Exercise objective — Check each line below for the word "centre", then please report how many lines have it and nothing more.
*** Opening of Source records ***
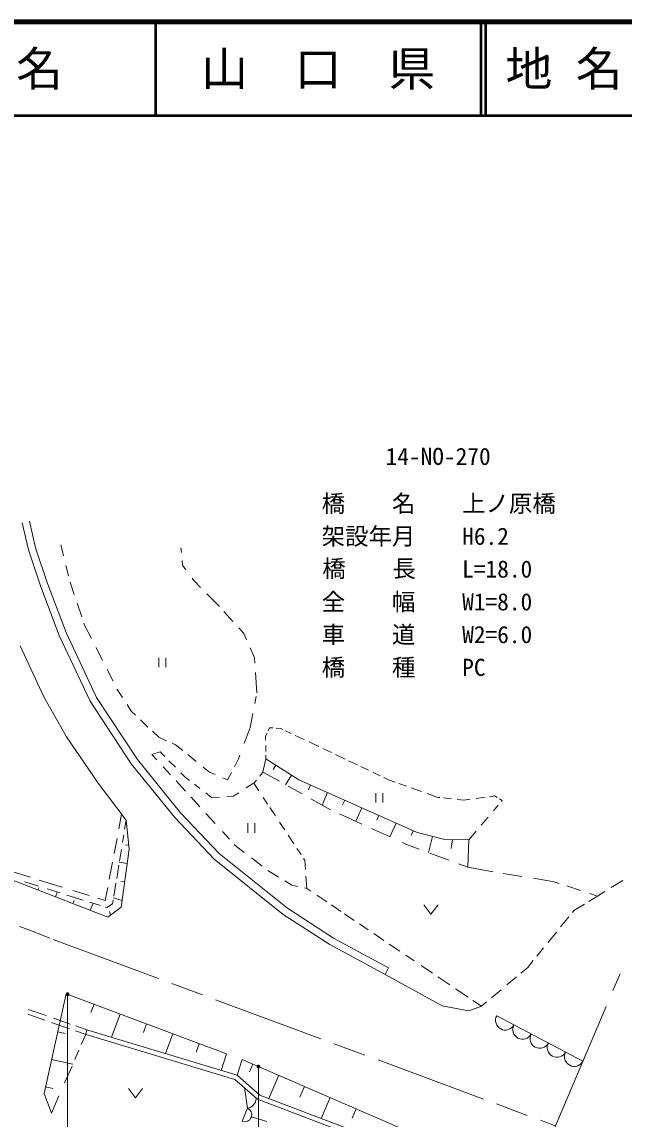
# Model space of a CAD drawing. Units: millimetres, scale not verified. Extents: x 40000 to 680000, y 20000 to 380000.
# Drawn here: x 318748 to 383036, y 262834 to 380000 of the extents above; entities that cross this region are included whole.
import ezdxf
from ezdxf.enums import TextEntityAlignment as Align

# ---------------------------------------------------------------- set-up
doc = ezdxf.new("R2010")
doc.units = ezdxf.units.MM
doc.header["$LTSCALE"] = 1000
doc.linetypes.add('CHAIN', pattern=[18.5, 12, -1.5, 3.5, -1.5])
for name, color, linetype, lineweight in [('M-BGD', 7, 'Continuous', 13), ('M-BMK', 2, 'CHAIN', 13), ('M-BMK-SRVR', 3, 'Continuous', 13), ('M-STR-STR1', 1, 'Continuous', 13), ('M-STR-STRC', 7, 'Continuous', 13), ('M-TTL', 2, 'Continuous', 140), ('M-TTL-LINE', 7, 'Continuous', 50)]:
    doc.layers.add(name, color=color, linetype=linetype, lineweight=lineweight)
doc.layers.add('M-TTL-TXT', color=7, linetype='Continuous')
doc.styles.add('ＭＳ ゴシック', font='')
doc.styles.get('ＭＳ ゴシック').set_extended_font_data('MS Gothic')

# ---------------------------------------------------------------- blocks, each defined once
blk = doc.blocks.new('filled_dot')
at = {"color": 0, "linetype": 'Continuous', "lineweight": -2, "const_width": 1.25}
blk.add_lwpolyline([(-0.625, 0, 1), (0.625, 0, 1)], format="xyb", close=True, dxfattribs=at)

msp = doc.modelspace()

# ---------------------------------------------------------------- linework, layer by layer
at = {"layer": 'M-BGD'}
for p, q in [((319436, 323621), (318767, 326521)), ((320207, 323838), (319546, 326701)), ((320719, 319772), (319436, 323621)), ((321473, 320041), (320207, 323838)), ((323182, 322985), (322889, 324158)), ((335719, 323846), (335768, 323353)), ((335855, 322490), (335906, 321978)), ((323721, 320831), (323442, 321945)), ((335906, 321978), (336252, 321505)), ((323464, 314786), (321473, 320041)), ((324327, 318866), (323886, 320172)), ((336913, 320599), (337089, 320359)), ((337089, 320359), (337827, 319604)), ((322727, 314474), (320719, 319772)), ((338505, 318911), (339829, 317556)), ((325140, 316459), (324642, 317933)), ((340309, 317030), (341279, 315968)), ((325443, 315563), (325367, 315786)), ((326163, 314147), (325443, 315563)), ((341906, 315282), (342445, 314691)), ((326017, 307446), (322727, 314474)), ((326717, 307838), (323464, 314786)), ((342445, 314691), (342729, 314030)), ((321100, 307928), (318540, 313388)), ((327351, 311815), (326656, 313179)), ((343102, 313158), (343566, 312075)), ((333352, 311083), (333352, 312083)), ((334102, 312083), (334102, 311083)), ((343566, 312075), (343604, 311513)), ((328488, 309581), (327845, 310844)), ((343670, 310521), (343815, 308338)), ((328930, 308712), (328906, 308761)), ((329495, 307843), (328930, 308712)), ((323488, 303662), (321100, 307928)), ((330424, 300753), (326017, 307446)), ((331070, 301227), (326717, 307838)), ((330425, 306408), (329973, 307104)), ((343746, 307966), (343607, 307221)), ((330872, 305980), (330425, 306408)), ((343406, 306142), (343130, 304664)), ((332206, 304703), (331414, 305461)), ((343121, 304638), (342487, 302928)), ((326901, 298714), (323488, 303662)), ((333352, 303605), (332685, 304244)), ((334171, 303238), (333352, 303605)), ((344765, 303711), (344920, 304046)), ((344768, 303302), (344765, 303711)), ((345040, 304304), (345188, 304622)), ((345188, 304622), (345536, 304597)), ((345907, 304571), (346374, 304537)), ((346374, 304537), (346616, 304424)), ((346896, 304292), (347489, 304012)), ((347928, 303806), (348877, 303359)), ((335158, 302796), (334778, 302966)), ((335921, 302177), (335158, 302796)), ((344779, 302090), (344773, 302742)), ((349407, 303109), (350377, 302652)), ((350377, 302652), (350416, 302634)), ((350868, 302418), (351791, 301977)), ((335674, 295553), (331070, 301227)), ((333515, 302034), (332623, 301760)), ((332623, 301760), (333151, 301185)), ((333996, 301554), (333515, 302034)), ((337365, 301008), (336442, 301755)), ((341885, 301301), (341430, 300439)), ((342027, 301684), (341885, 301301)), ((344485, 299888), (344786, 301318)), ((344786, 301318), (344782, 301700)), ((348302, 299073), (344786, 301318)), ((352243, 301762), (353260, 301276)), ((335072, 295025), (330424, 300753)), ((333823, 300452), (334608, 299597)), ((335145, 300405), (334442, 301108)), ((338771, 299868), (338090, 300420)), ((345565, 300174), (345858, 300633)), ((353628, 301100), (354567, 300652)), ((354936, 300476), (355756, 300084)), ((335205, 298946), (336215, 297845)), ((336191, 299359), (335728, 299822)), ((336652, 298999), (336191, 299359)), ((339367, 299618), (338771, 299868)), ((340701, 299059), (340158, 299287)), ((341120, 299852), (340701, 299059)), ((343514, 298689), (343782, 299020)), ((344147, 299470), (344485, 299888)), ((346254, 298902), (344485, 299888)), ((346897, 298543), (347544, 299557)), ((360947, 293439), (348302, 299073)), ((356237, 299855), (356996, 299493)), ((357380, 299309), (357875, 299073)), ((357875, 299073), (358607, 298811)), ((329863, 294752), (326901, 298714)), ((337750, 298142), (337176, 298590)), ((339004, 297163), (338366, 297661)), ((341902, 297690), (341303, 297300)), ((343464, 298707), (342676, 298194)), ((344041, 297891), (343514, 298689)), ((348661, 297560), (347162, 298395)), ((349329, 298009), (349555, 298514)), ((350790, 296373), (351382, 297700)), ((356527, 296628), (356527, 297628)), ((357277, 297628), (357277, 296628)), ((359001, 298670), (359800, 298385)), ((360310, 298203), (361402, 297812)), ((336796, 297211), (336809, 297197)), ((336809, 297197), (337744, 296173)), ((339829, 297212), (339004, 297163)), ((341303, 297300), (340617, 297259)), ((344981, 296468), (344505, 297188)), ((351697, 295868), (349592, 297041)), ((352983, 296381), (353208, 296886)), ((362018, 297592), (363149, 297188)), ((363149, 297188), (363370, 297164)), ((363755, 297123), (364598, 297034)), ((365204, 296970), (365945, 296891)), ((365945, 296891), (366619, 296982)), ((367232, 297065), (368208, 297198)), ((368673, 297261), (369228, 297336)), ((369228, 297336), (369480, 297183)), ((369734, 297030), (370033, 296849)), ((370033, 296849), (369935, 296734)), ((329393, 295381), (329100, 293845)), ((339814, 291180), (335674, 295553)), ((338382, 295475), (339380, 294382)), ((345807, 295218), (345212, 296119)), ((351702, 295866), (351697, 295868)), ((355044, 294342), (352659, 295429)), ((354396, 294637), (355035, 296072)), ((356637, 294753), (356862, 295259)), ((369609, 296352), (369099, 295755)), ((329863, 294752), (329707, 293783)), ((330204, 291642), (329863, 294752)), ((339271, 290590), (335072, 295025)), ((342874, 293416), (342874, 294416)), ((343624, 294416), (343624, 293416)), ((346807, 293705), (346249, 294550)), ((358036, 292978), (358689, 294445)), ((368512, 295066), (367776, 294205)), ((329611, 293186), (329478, 292362)), ((340149, 293540), (340900, 292717)), ((347790, 292218), (347169, 293157)), ((357990, 292999), (356075, 293872)), ((360291, 293125), (360516, 293631)), ((363912, 292676), (360947, 293439)), ((362157, 291295), (362599, 293014)), ((367228, 293562), (366453, 292655)), ((328902, 292803), (328593, 291184)), ((329821, 292098), (330151, 292134)), ((341408, 292162), (341509, 292051)), ((341509, 292051), (342479, 291309)), ((359737, 292203), (359384, 292363)), ((361162, 291668), (359737, 292203)), ((366453, 292655), (363912, 292676)), ((364568, 291725), (364703, 292670)), ((366453, 292655), (366357, 289720)), ((329366, 291665), (329158, 290370)), ((329332, 285462), (330204, 291642)), ((346628, 284691), (339271, 290590)), ((347097, 285340), (339814, 291180)), ((343242, 290726), (344398, 289842)), ((348545, 291075), (348112, 291730)), ((348946, 290468), (348810, 290675)), ((364311, 290487), (362311, 291237)), ((315020, 289414), (327929, 284400)), ((328419, 290270), (328073, 288451)), ((329088, 289940), (328861, 288528)), ((329139, 290256), (329992, 290135)), ((349017, 289481), (348946, 290468)), ((366357, 289720), (365362, 290093)), ((369077, 289247), (366357, 289720)), ((319621, 288654), (317675, 289259)), ((323030, 287595), (320584, 288355)), ((345008, 289375), (346132, 288676)), ((346803, 288260), (347547, 287797)), ((349161, 287466), (349069, 288756)), ((372111, 288750), (370120, 289076)), ((375579, 288183), (373370, 288544)), ((382909, 288301), (381674, 287549)), ((320509, 287702), (319048, 288158)), ((320537, 287514), (320455, 287303)), ((322817, 286983), (321427, 287416)), ((322513, 287077), (322319, 286579)), ((325942, 286691), (324198, 287232)), ((327903, 287561), (327637, 286164)), ((328779, 288019), (328557, 286640)), ((329318, 288211), (329712, 288155)), ((347547, 287797), (348193, 287665)), ((348931, 287513), (349161, 287466)), ((349589, 287177), (349161, 287466)), ((376108, 288007), (375579, 288183)), ((378396, 287244), (376924, 287735)), ((380993, 287135), (380190, 286646)), ((325299, 286209), (323546, 286755)), ((324306, 286170), (324184, 285855)), ((327118, 285642), (325980, 285996)), ((327637, 286164), (326843, 286411)), ((328494, 286245), (328422, 285803)), ((328525, 286442), (329433, 286175)), ((351285, 286033), (350219, 286752)), ((380190, 286646), (379272, 286082)), ((380190, 286646), (379386, 286914)), ((326340, 285884), (326048, 285131)), ((327816, 285424), (327678, 285467)), ((328422, 285803), (327816, 285424)), ((327929, 284400), (329332, 285462)), ((328113, 285008), (328219, 284619)), ((352012, 282151), (347097, 285340)), ((352806, 285008), (351783, 285698)), ((354229, 284048), (353175, 284759)), ((361672, 285706), (362422, 284706)), ((362422, 284706), (363172, 285706)), ((377683, 285107), (377521, 284907)), ((378807, 285797), (377683, 285107)), ((351604, 281462), (346628, 284691)), ((355698, 283057), (354790, 283670)), ((377141, 284440), (376265, 283359)), ((357403, 281908), (356319, 282639)), ((375815, 282806), (374922, 281705)), ((357520, 278289), (351604, 281462)), ((357898, 278994), (352012, 282151)), ((359091, 280770), (357969, 281526)), ((360612, 279744), (359747, 280327)), ((374435, 281105), (373725, 280230)), ((357898, 278994), (357520, 278289)), ((362595, 278406), (361387, 279221)), ((372751, 279031), (372025, 278421)), ((373337, 279753), (372751, 279031)), ((363600, 274937), (357520, 278289)), ((364420, 277176), (363144, 278037)), ((371549, 278021), (370537, 277170)), ((366387, 275850), (365054, 276748)), ((369915, 276647), (368898, 275792)), ((323472, 276223), (321107, 265579)), ((340584, 269784), (323472, 276223)), ((367818, 274884), (366905, 275500)), ((321335, 273879), (319409, 274551)), ((326105, 274206), (326443, 275105)), ((366479, 274379), (363600, 274937)), ((367818, 274884), (366479, 274379)), ((368360, 275340), (367818, 274884)), ((321177, 273404), (319378, 274032)), ((323836, 272476), (321908, 273149)), ((323897, 272984), (322133, 273600)), ((328315, 271562), (329251, 274049)), ((378636, 269008), (369437, 273862)), ((323355, 271961), (322564, 272137)), ((325621, 271853), (324482, 272250)), ((325776, 272328), (324490, 272777)), ((325087, 270785), (325561, 271874)), ((325554, 271856), (325676, 272363)), ((341495, 267062), (325621, 271853)), ((341743, 267509), (325776, 272328)), ((331720, 272092), (332059, 272992)), ((334072, 269824), (334867, 271936)), ((337336, 269979), (337674, 270879)), ((324393, 269191), (324836, 270208)), ((340014, 268031), (340584, 269784)), ((324181, 268704), (321913, 269208)), ((323308, 266700), (324092, 268500)), ((342249, 269197), (341743, 267509)), ((363511, 260000), (342249, 269197)), ((343050, 267863), (343410, 268695)), ((344153, 265400), (341743, 267509)), ((345098, 265041), (346163, 267504)), ((322053, 266104), (321262, 266280)), ((330113, 266110), (330863, 265110)), ((330863, 265110), (331613, 266110)), ((343892, 264965), (341495, 267062)), ((342819, 264002), (342525, 266161)), ((348427, 265181), (348917, 266313)), ((321107, 265579), (321895, 263457)), ((321895, 263457), (322701, 265308)), ((363483, 257515), (343892, 264965)), ((363643, 257989), (344153, 265400)), ((350712, 262906), (351670, 265122)), ((342243, 262607), (342819, 264002)), ((353992, 262933), (354424, 263931)), ((344910, 262565), (343252, 263080))]:
    msp.add_line(p, q, dxfattribs=at)
for centre, radius, start, end in [((370357, 273377), 1040, 152.17987, 332.17987), ((372197, 272406), 1040, 152.17987, 332.17987), ((374037, 271435), 1040, 152.17987, 332.17987), ((375877, 270464), 1040, 152.17987, 332.17987), ((377716, 269493), 1040, 152.17987, 332.17987), ((342672, 265082), 1089, 277.77317, 356.48678), ((342531, 263305), 755, 247.55725, 67.55725)]:
    msp.add_arc(centre, radius, start, end, dxfattribs=at)
at = {"layer": 'M-BMK'}
msp.add_line((322079, 282025), (375702, 262109), dxfattribs=at)
msp.add_open_spline([(288081, 293339), (288378, 293270), (288674, 293200), (288970, 293128), (289363, 293032), (289755, 292934), (290147, 292834), (290539, 292735), (290931, 292636), (291323, 292533), (291561, 292470), (291799, 292407), (292037, 292342), (292275, 292278), (292513, 292214), (292751, 292149), (292989, 292084), (293226, 292018), (293464, 291952), (295041, 291513), (296613, 291051), (298179, 290574), (301335, 289612), (304470, 288583), (307582, 287488), (312454, 285775), (317266, 283900), (322079, 282025)], degree=3, knots=[0, 0, 0, 0, 1, 1, 1, 2, 2, 2, 3, 3, 3, 4, 4, 4, 5, 5, 5, 6, 6, 6, 7, 7, 7, 8, 8, 8, 9, 9, 9, 9], dxfattribs=at)
at = {"layer": 'M-BMK-SRVR'}
for p, q in [((382609, 278347), (381853, 276571)), ((381126, 274861), (370717, 250391))]:
    msp.add_line(p, q, dxfattribs=at)
at = {"layer": 'M-STR-STRC'}
for p, q in [((323620, 276168), (323620, 244795)), ((343992, 268443), (343992, 244960))]:
    msp.add_line(p, q, dxfattribs=at)
at = {"layer": 'M-TTL'}
msp.add_line((680000, 380000), (40000, 380000), dxfattribs=at)
at = {"layer": 'M-TTL-LINE'}
for p, q in [((333000, 380000), (333000, 370000)), ((367750, 380000), (367750, 370000)), ((368250, 380000), (368250, 370000)), ((40000, 370000), (680000, 370000))]:
    msp.add_line(p, q, dxfattribs=at)

# ---------------------------------------------------------------- block references
at = {"layer": 'M-STR-STRC', "xscale": 160, "yscale": 160, "rotation": 270}
for p in [(323620, 276168), (343992, 268443)]:
    msp.add_blockref('filled_dot', p, dxfattribs=at)

# ---------------------------------------------------------------- texts
at = {"layer": 'M-STR-STR1', "style": 'ＭＳ ゴシック'}
for s, p in [('14-NO-270', (357573, 332136)), ('橋\u3000\u3000名', (350751, 327109)), ('上ノ原橋', (365751, 327109)), ('架設年月', (350751, 323609)), ('H6.2', (365751, 323609)), ('橋\u3000  長', (350819, 320161)), ('L=18.0', (365751, 320109)), ('全\u3000\u3000幅', (350751, 316609)), ('W1=8.0', (365751, 316609)), ('車\u3000\u3000道', (350751, 313109)), ('W2=6.0', (365751, 313109)), ('橋\u3000\u3000種', (350751, 309609)), ('PC', (365751, 309609))]:
    msp.add_text(s, height=1833, dxfattribs=at).set_placement(p, align=Align.BOTTOM_LEFT)
at = {"layer": 'M-TTL-TXT', "style": 'ＭＳ ゴシック'}
for s, p in [('県\u3000名', (315625, 375000)), ('山\u3000口\u3000県', (350375, 375000))]:
    msp.add_text(s, height=3666, dxfattribs=at).set_placement(p, align=Align.MIDDLE_CENTER)
msp.add_text('地 名', height=3666, dxfattribs=at).set_placement((370380, 375000), align=Align.MIDDLE_LEFT)

doc.saveas('drawing.dxf')
*** Close of Source records ***
Exercise response — 2